Session has execute(), which will call the engine path attached to the direction that packet comes.

Tunnel

TunnelSessionStore inherits SessionStore. TunnelSession inherits Session.

TunnelEngine inherits Engine, which c2s() calls encap(pkt), s2c() calls decap(pkt). So you need to implement encap() and decap().

The next step

There are much more to consider, for example, TCP Proxy, ALG, IDP, AI, QoS, etc. But unfortunately my flight is almost over and I need to release my brian for something more relex.

DPDkit can zero-copy the packet from driver to user space. This is a great news for this idea.

I'm struggling for a while about the langyages I should choose. To me, golang is too young, python/ruby is too simple, and c/c++ is just naive to do it. Erlang, on the contrary, seems to be a smart choice for it.

I know little about erlang.
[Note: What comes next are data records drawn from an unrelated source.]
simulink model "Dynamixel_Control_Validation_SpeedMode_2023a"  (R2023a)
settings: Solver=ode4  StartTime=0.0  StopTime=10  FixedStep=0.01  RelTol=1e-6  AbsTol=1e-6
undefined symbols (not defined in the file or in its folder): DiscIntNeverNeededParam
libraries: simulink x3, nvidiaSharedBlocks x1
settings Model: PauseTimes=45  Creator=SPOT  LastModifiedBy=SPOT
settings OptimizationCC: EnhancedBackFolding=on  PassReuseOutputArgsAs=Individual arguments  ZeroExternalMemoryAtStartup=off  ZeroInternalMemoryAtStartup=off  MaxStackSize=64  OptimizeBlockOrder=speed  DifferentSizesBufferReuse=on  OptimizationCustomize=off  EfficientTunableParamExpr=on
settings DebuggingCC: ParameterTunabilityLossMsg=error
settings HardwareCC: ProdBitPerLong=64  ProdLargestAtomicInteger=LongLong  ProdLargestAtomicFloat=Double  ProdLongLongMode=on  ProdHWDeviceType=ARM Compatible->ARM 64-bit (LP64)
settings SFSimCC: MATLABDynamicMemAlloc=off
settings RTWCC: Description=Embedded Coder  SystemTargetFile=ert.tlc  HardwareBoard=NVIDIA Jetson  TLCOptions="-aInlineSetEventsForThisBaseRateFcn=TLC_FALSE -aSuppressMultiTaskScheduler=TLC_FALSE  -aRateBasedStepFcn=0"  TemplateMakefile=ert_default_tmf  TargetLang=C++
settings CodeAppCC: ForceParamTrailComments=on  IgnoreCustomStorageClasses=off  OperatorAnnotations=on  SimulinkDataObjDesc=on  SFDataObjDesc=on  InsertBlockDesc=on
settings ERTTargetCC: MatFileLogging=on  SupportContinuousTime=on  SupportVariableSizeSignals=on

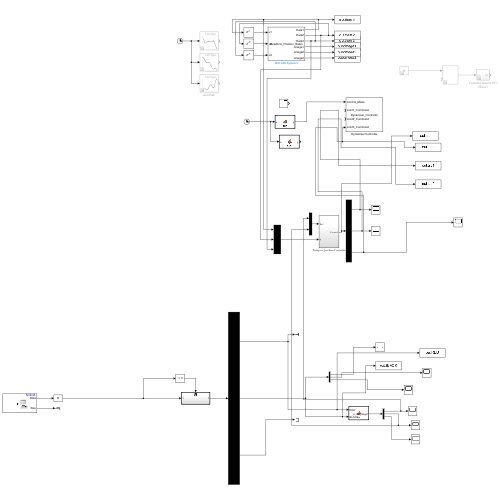
[thumbnail: Simulink's stored preview of the top-level diagram]
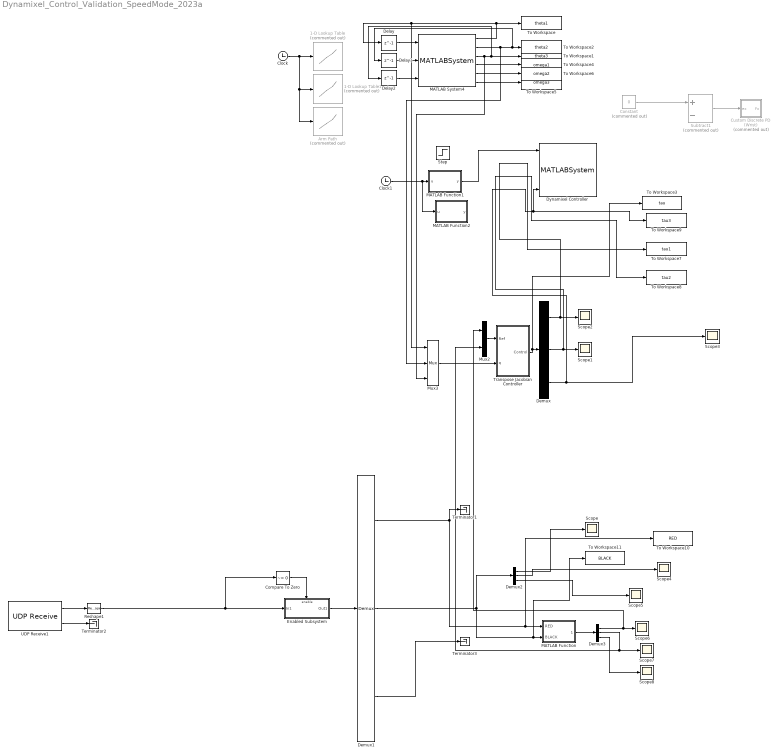
== system Dynamixel_Control_Validation_SpeedMode_2023a ==
  1-D Lookup Table : Lookup_n-D  Commented=on  NumberOfTableDimensions=1  BreakpointsForDimension1=|  Table=|  InternalRulePriority=Speed  RndMeth=Simplest
      BreakpointsForDimension1=|
      | [0
      | 0.300000000000000
      | 0.600000000000000
      | 0.900000000000000
      | 1.20000000000000
      | 1.50000000000000
      | 1.80000000000000
      | 2.10000000000000
      | 2.40000000000000
      | 2.70000000000000
      | 3
      | 3.30000000000000
      | 3.60000000000000
      | 3.90000000000000
      | 4.20000000000000
      | 4.50000000000000
      | 4.80000000000000
      | 5.10000000000000
      | 5.40000000000000
      | 5.70000000000000
      | 6
      | 6.30000000000000
      | 6.60000000000000
      | 6.90000000000000
      | 7.20000000000000
      | 7.50000000000000
      | 7.80000000000000
      | 8.10000000000000
      | 8.40000000000000
      | 8.70000000000000
      | 9
      | 9.30000000000000
      | 9.60000000000000
      | 9.90000000000000
      | 10.2000000000000
      | 10.5000000000000
      | 10.8000000000000
      | 11.1000000000000
      | 11.4000000000000
      | 11.7000000000000
      | 12
      | 12.3000000000000
      | 12.6000000000000
      | 12.9000000000000
      | 13.2000000000000
      | 13.5000000000000
      | 13.8000000000000
      | 14.1000000000000
      | 14.4000000000000
      | 14.7000000000000
      | 15
      | 15.3000000000000
      | 15.6000000000000
      | 15.9000000000000
      | 16.2000000000000
      | 16.5000000000000
      | 16.8000000000000
      | 17.1000000000000
      | 17.4000000000000
      | 17.7000000000000
      | 18
      | 18.3000000000000
      | 18.6000000000000
      | 18.9000000000000
      | 19.2000000000000
      | 19.5000000000000
      | 19.8000000000000
      | 20.1000000000000
      | 20.4000000000000
      | 20.7000000000000
      | 21
      | 21.3000000000000
      | 21.6000000000000
      | 21.9000000000000
      | 22.2000000000000
      | 22.5000000000000
      | 22.8000000000000
      | 23.1000000000000
      | 23.4000000000000
      | 23.7000000000000
      | 24
      | 24.3000000000000
      | 24.6000000000000
      | 24.9000000000000
      | 25.2000000000000
      | 25.5000000000000
      | 25.8000000000000
      | 26.1000000000000
      | 26.4000000000000
      | 26.7000000000000
      | 27
      | 27.3000000000000
      | 27.6000000000000
      | 27.9000000000000
      | 28.2000000000000
      | 28.5000000000000
      | 28.8000000000000
      | 29.1000000000000
      | 29.4000000000000
      | 29.7000000000000
      | 30]
      Table=|
      | [1.57000000000000
      | 1.54816700100684
      | 1.49097838714515
      | 1.40738374526561
      | 1.30517963261499
      | 1.19037595061406
      | 1.06817443571262
      | 0.943755752477061
      | 0.821348547944454
      | 0.703746844506339
      | 0.593625926874354
      | 0.493661079760138
      | 0.406301951764504
      | 0.332150464577563
      | 0.270904238844892
      | 0.222254718367453
      | 0.185893346946205
      | 0.161510391400890
      | 0.148507079640713
      | 0.145619174532266
      | 0.151489118608687
      | 0.164759354403110
      | 0.184072324448674
      | 0.208070471278512
      | 0.235433340233479
      | 0.265163793185692
      | 0.296431328827974
      | 0.328406827894775
      | 0.360261171120541
      | 0.391165239239719
      | 0.420289912986756
      | 0.446835197706220
      | 0.470407808441224
      | 0.490913309071205
      | 0.508264171683338
      | 0.522372868364801
      | 0.533151871202771
      | 0.540513652284423
      | 0.544370683696935
      | 0.544708678506983
      | 0.541826697403650
      | 0.536107583537685
      | 0.527934180942696
      | 0.517689333652287
      | 0.505755885700064
      | 0.492516681119634
      | 0.478354564411779
      | 0.463677280032886
      | 0.448984347405091
      | 0.434796424940426
      | 0.421634171050923
      | 0.410018244148617
      | 0.400469302645538
      | 0.393508004953720
      | 0.389655009485195
      | 0.389318793355856
      | 0.392420798366228
      | 0.398750326166947
      | 0.408096675929411
      | 0.420249146825022
      | 0.434997038025178
      | 0.452129648701280
      | 0.471436276672662
      | 0.492577909508950
      | 0.514735652583953
      | 0.536978444975800
      | 0.558375225762617
      | 0.577994934022531
      | 0.594906508833669
      | 0.608178889274159
      | 0.616885200503004
      | 0.620279657398225
      | 0.617862923664403
      | 0.609153311284521
      | 0.593669132241562
      | 0.570928698518508
      | 0.540450322098342
      | 0.501754708369804
      | 0.454651142688837
      | 0.399508826722755
      | 0.336761216407457
      | 0.266841767678842
      | 0.190183936472810
      | 0.107221178725261
      | 0.0184637402812976
      | -0.0750305460272099
      | -0.171966007758580
      | -0.271046003976081
      | -0.370973893742981
      | -0.470452548764951
      | -0.568113490727538
      | -0.662442454298735
      | -0.751907371290790
      | -0.834976173515947
      | -0.910130221885170
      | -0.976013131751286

You can see my previous psudo code are all in c/python. I don't even know if erlang supports OOP (I guess so). What I think it is the right choice is because:

  • string concatenation is O(1), which is rooted in its language essense of erlang. Think about fragmentation and reassemble you'll see how efficient it is.
  • Processes are really, really light-weighted to spawn tens of thousands in a shot.
  • You have no chance to mess things up through shared memory. The only way for communication is messaging, which is quite efficient without copying (hope my memory is correct).
  • Erlang has its own key value realtime database called mnesia which could be used as configuration or even session stores (hopefully it is better than berkeley DB).

So the next step is to learn erlang, and to try to write a framework, which by adding an engine, I can make the basic pass-through TCP traffic work without any issue.

Don't laugh at me if you're expert. It is not an architecture spec. I just let my thought fly and record it faithfully.